# Oral Sex May Cause More Throat Cancer Than Smoking in Men, Researchers Say (article)



## BigBadWolf (Nov 30, 2009)

Oral Sex May Cause More Throat Cancer Than Smoking in Men, Researchers Say - Bloomberg



> Oral Sex May Cause More Throat Cancer Than Smoking in Men, Researchers Say
> 
> By Robert Langreth - Oct 4, 2011
> 
> ...


----------



## RandomDude (Dec 18, 2010)

Yes, let's all start wearing these then:










:rofl:


----------



## SimplyAmorous (Nov 25, 2009)

Similar thread about this here : 

http://talkaboutmarriage.com/sex-marriage/31699-cancer-oral-sex.html


----------



## Trenton (Aug 25, 2010)

This might be a good reason to push for the development of the twin vaccine for men that young girls are now being offered. They've known for decades that HPV causes cancer in women and that men, who do not exhibit symptoms, pass the virus easily to women (and girls) through sex. What is GARDASIL® [Human Papillomavirus Quadrivalent (Types 6, 11, 16, and 18) Vaccine, Recombinant]?

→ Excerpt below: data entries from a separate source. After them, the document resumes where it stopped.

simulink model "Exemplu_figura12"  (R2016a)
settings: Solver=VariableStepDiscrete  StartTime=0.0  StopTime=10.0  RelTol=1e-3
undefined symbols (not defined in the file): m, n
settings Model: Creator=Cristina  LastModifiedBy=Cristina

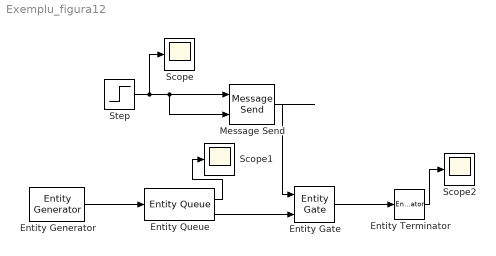
== system Exemplu_figura12 ==
  Entity Gate : EntityGate  InputPortMessageModes=m,m  OutputPortMessageModes=m
  Entity Generator : EntityGenerator  OutputPortMessageModes=m  EntityType=Structured  EntityTypeName=Entity
  Entity Queue : EntityQueue  InputPortMessageModes=m  OutputPortMessageModes=n,m  NumberEntitiesInBlock=on
      settings: OutputPortMap=o1,o5
  Entity Terminator : EntityTerminator  InputPortMessageModes=m  NumberEntitiesArrived=on
      settings: OutputPortMap=o0
  Message Send : MessageSend  OutputPortMessageModes=m  ShowEnablePort=on
      settings: InputPortMap=e0,u1
  Scope : Scope
  Scope1 : Scope
  Scope2 : Scope
  Step : Step  Time=4  SampleTime=0
  wires:
  Step/1 -> Scope/1, Message Send/2, Message Send/1
  Entity Generator/1 -> Entity Queue/1
  Entity Queue/2 -> Entity Gate/2
  Message Send/1 -> Entity Gate/1
  Entity Gate/1 -> Entity Terminator/1
  Entity Queue/1 -> Scope1/1
  Entity Terminator/1 -> Scope2/1
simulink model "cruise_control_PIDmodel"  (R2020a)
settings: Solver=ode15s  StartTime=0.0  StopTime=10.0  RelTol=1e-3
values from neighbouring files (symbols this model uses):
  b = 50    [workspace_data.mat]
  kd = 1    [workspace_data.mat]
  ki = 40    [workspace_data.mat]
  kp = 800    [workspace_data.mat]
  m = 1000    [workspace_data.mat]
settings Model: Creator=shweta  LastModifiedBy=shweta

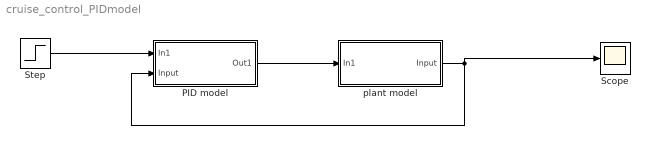
== system cruise_control_PIDmodel ==
  PID model : Subsystem  TreatAsAtomicUnit=on
  Scope : Scope
  Step : Step  Time=0
  plant model : Subsystem
  wires:
  Step/1 -> PID model/1(In1)
  plant model/1(Input) -> Scope/1, PID model/2(Input)
  PID model/1(Out1) -> plant model/1(In1)

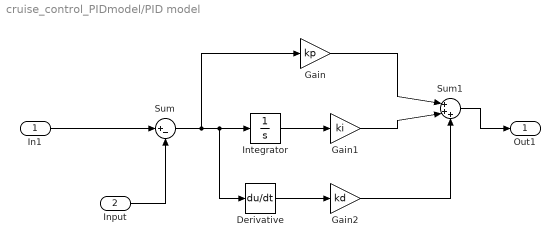
== system cruise_control_PIDmodel/PID model ==
  In1 : Inport  SampleTime=0
  Input : Inport  Port=2
  Derivative : Derivative
  Gain : Gain  Gain=kp
  Gain1 : Gain  Gain=ki
  Gain2 : Gain  Gain=kd
  Integrator : Integrator
  Sum : Sum  Inputs=|+-
  Sum1 : Sum  Inputs=|+++
  Out1 : Outport
  wires:
  Sum/1 -> Gain/1, Derivative/1, Integrator/1
  Input/1 -> Sum/2
  Gain1/1 -> Sum1/2
  Integrator/1 -> Gain1/1
  Sum1/1 -> Out1/1
  Gain/1 -> Sum1/1
  In1/1 -> Sum/1
  Derivative/1 -> Gain2/1
  Gain2/1 -> Sum1/3

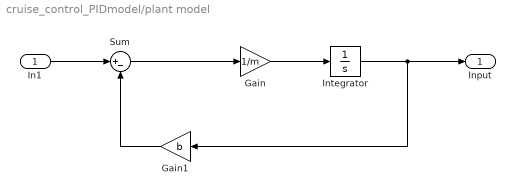
== system cruise_control_PIDmodel/plant model ==
  In1 : Inport
  Gain : Gain  Gain=1/m
  Gain1 : Gain  Gain=b
  Integrator : Integrator
  Sum : Sum  Inputs=|+-
  Input : Outport
  wires:
  In1/1 -> Sum/1
  Gain1/1 -> Sum/2
  Sum/1 -> Gain/1
  Gain/1 -> Integrator/1
  Integrator/1 -> Gain1/1, Input/1
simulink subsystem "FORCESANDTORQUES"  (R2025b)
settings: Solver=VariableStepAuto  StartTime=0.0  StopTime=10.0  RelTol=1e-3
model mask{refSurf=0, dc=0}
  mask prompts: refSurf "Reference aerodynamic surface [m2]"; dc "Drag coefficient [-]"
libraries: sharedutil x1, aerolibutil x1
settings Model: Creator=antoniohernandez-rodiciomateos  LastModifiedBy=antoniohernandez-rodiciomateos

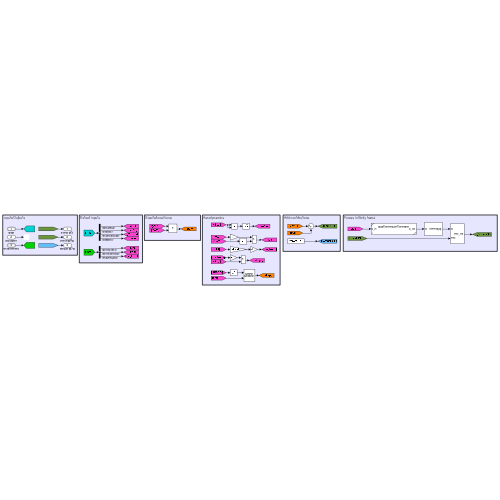
[thumbnail: Simulink's stored preview of the top-level diagram]
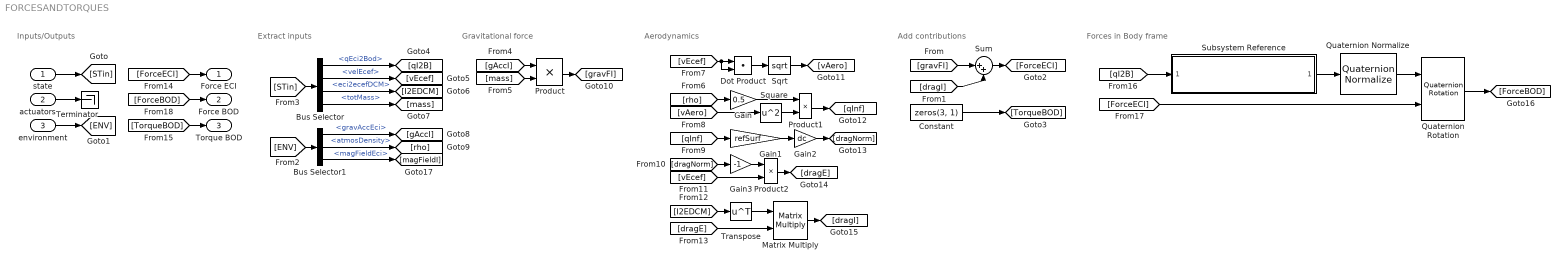
== system FORCESANDTORQUES ==
  note: Inputs/Outputs
  note: Extract inputs
  note: Gravitational force
  note: Aerodynamics
  note: Add contributions
  note: Forces in Body frame
  state : Inport  OutDataTypeStr=Bus: state_bus
  actuators : Inport  Port=2
  environment : Inport  Port=3  OutDataTypeStr=Bus: environment_bus
  Bus Selector : BusSelector  OutputSignals=qEci2Bod,velEcef,eci2ecefDCM,totMass
  Bus Selector1 : BusSelector  OutputSignals=gravAccEci,atmosDensity,magFieldEci
  Constant : Constant  Value=zeros(3, 1)
  Dot Product : DotProduct  OutDataTypeStr=Inherit: Inherit via internal rule
  Gain : Gain  Gain=0.5
  Gain1 : Gain  Gain=refSurf
  Gain2 : Gain  Gain=dc
  Gain3 : Gain  Gain=-1
  Matrix Multiply : Product  Multiplication=Matrix(*)
  Product : Product
  Product1 : Product
  Product2 : Product
  Quaternion Normalize : sharedutil/Quaternion Normalize  aMode=aMode
  Quaternion Rotation : aerolibutil/Quaternion Rotation
  Sqrt : Sqrt
  Square : Math  Operator=square
  Subsystem Reference : Subsystem  ReferencedSubsystem=quatConventionConverter  conversion=q4 to q0
  Sum : Sum  Inputs=|++
  Terminator : Terminator
  Transpose : Math  Operator=transpose
  Force ECI : Outport  OutDataTypeStr=double  PortDimensions=[3 1]
  Force BOD : Outport  Port=2  OutDataTypeStr=double  PortDimensions=[3 1]
  Torque BOD : Outport  Port=3  OutDataTypeStr=double  PortDimensions=[3 1]
  wires:
  actuators/1 -> Terminator/1
  state/1 -> [STin]
  environment/1 -> [ENV]
  [ForceECI] -> Force ECI/1
  [STin] -> Bus Selector/1
  Bus Selector/1 -> [qI2B]  "<qEci2Bod>"
  Bus Selector/2 -> [vEcef]  "<velEcef>"
  Bus Selector/3 -> [I2EDCM]  "<eci2ecefDCM>"
  Bus Selector/4 -> [mass]  "<totMass>"
  [ENV] -> Bus Selector1/1
  Bus Selector1/1 -> [gAccI]  "<gravAccEci>"
  Bus Selector1/2 -> [rho]  "<atmosDensity>"
  [gAccI] -> Product/1
  [mass] -> Product/2
  Product/1 -> [gravFI]
  [vEcef] -> Dot Product/2, Dot Product/1
  Dot Product/1 -> Sqrt/1
  Sqrt/1 -> [vAero]
  [rho] -> Gain/1
  [vAero] -> Square/1
  Gain/1 -> Product1/1
  Square/1 -> Product1/2
  Product1/1 -> [qInf]
  [qInf] -> Gain1/1
  Gain1/1 -> Gain2/1
  Gain2/1 -> [dragNorm]
  [dragNorm] -> Gain3/1
  Gain3/1 -> Product2/1
  [vEcef] -> Product2/2
  Product2/1 -> [dragE]
  [I2EDCM] -> Transpose/1
  Transpose/1 -> Matrix Multiply/1
  [dragE] -> Matrix Multiply/2
  Matrix Multiply/1 -> [dragI]
  [TorqueBOD] -> Torque BOD/1
  [gravFI] -> Sum/1
  [dragI] -> Sum/2
  Sum/1 -> [ForceECI]
  Constant/1 -> [TorqueBOD]
  [qI2B] -> Subsystem Reference/1
  Subsystem Reference/1 -> Quaternion Normalize/1
  Quaternion Normalize/1 -> Quaternion Rotation/1
  [ForceECI] -> Quaternion Rotation/2
  Quaternion Rotation/1 -> [ForceBOD]
  [ForceBOD] -> Force BOD/1
  Bus Selector1/3 -> [magFieldI]  "<magFieldEci>"

Couples can both get tested. I think this would help too. Women are automatically tested when they're pregnant.


----------



## SimplyAmorous (Nov 25, 2009)

Last time my 13 yr old went for his shots, they asked me if I wanted him to get the Gardasil, so they are offering it to boys too. At least the Health Depatment in my state is. I think I passed at that time, but I am not someone against vaccinations (at least the majority of them), I know I will let him get it in the future.


----------



## Mike188 (Dec 29, 2009)

Well crap. Why does everything fun have to be dangerous?


----------



## Kobo (May 13, 2010)

welp, I'm screwed...


----------



## nice777guy (Nov 23, 2009)

I think I will continue to take my chances...but thanks for the info.


----------



## that_girl (Jul 6, 2011)

My dad died from throat cancer...if this was the cause--- :rofl: NICE! Lollll


----------



## nice777guy (Nov 23, 2009)

that_girl said:


> My dad died from throat cancer...if this was the cause--- :rofl: NICE! Lollll


OMG! I read the first part - and my heart sank! Thinking I'd been so insensitive - joking about cancer!

And then...lol!!!


----------



## that_girl (Jul 6, 2011)

Yea, my dad would laugh too. He was awesome like that.


----------



## Amplexor (Feb 13, 2008)

I wonder how the government is going to attach a Surgeon General's warning to those?


----------



## Conrad (Aug 6, 2010)

Am I the only guy willing to admit the chill that would go down my spine if the genders were reversed in this article?


----------



## PBear (Nov 16, 2010)

Conrad said:


> Am I the only guy willing to admit the chill that would go down my spine if the genders were reversed in this article?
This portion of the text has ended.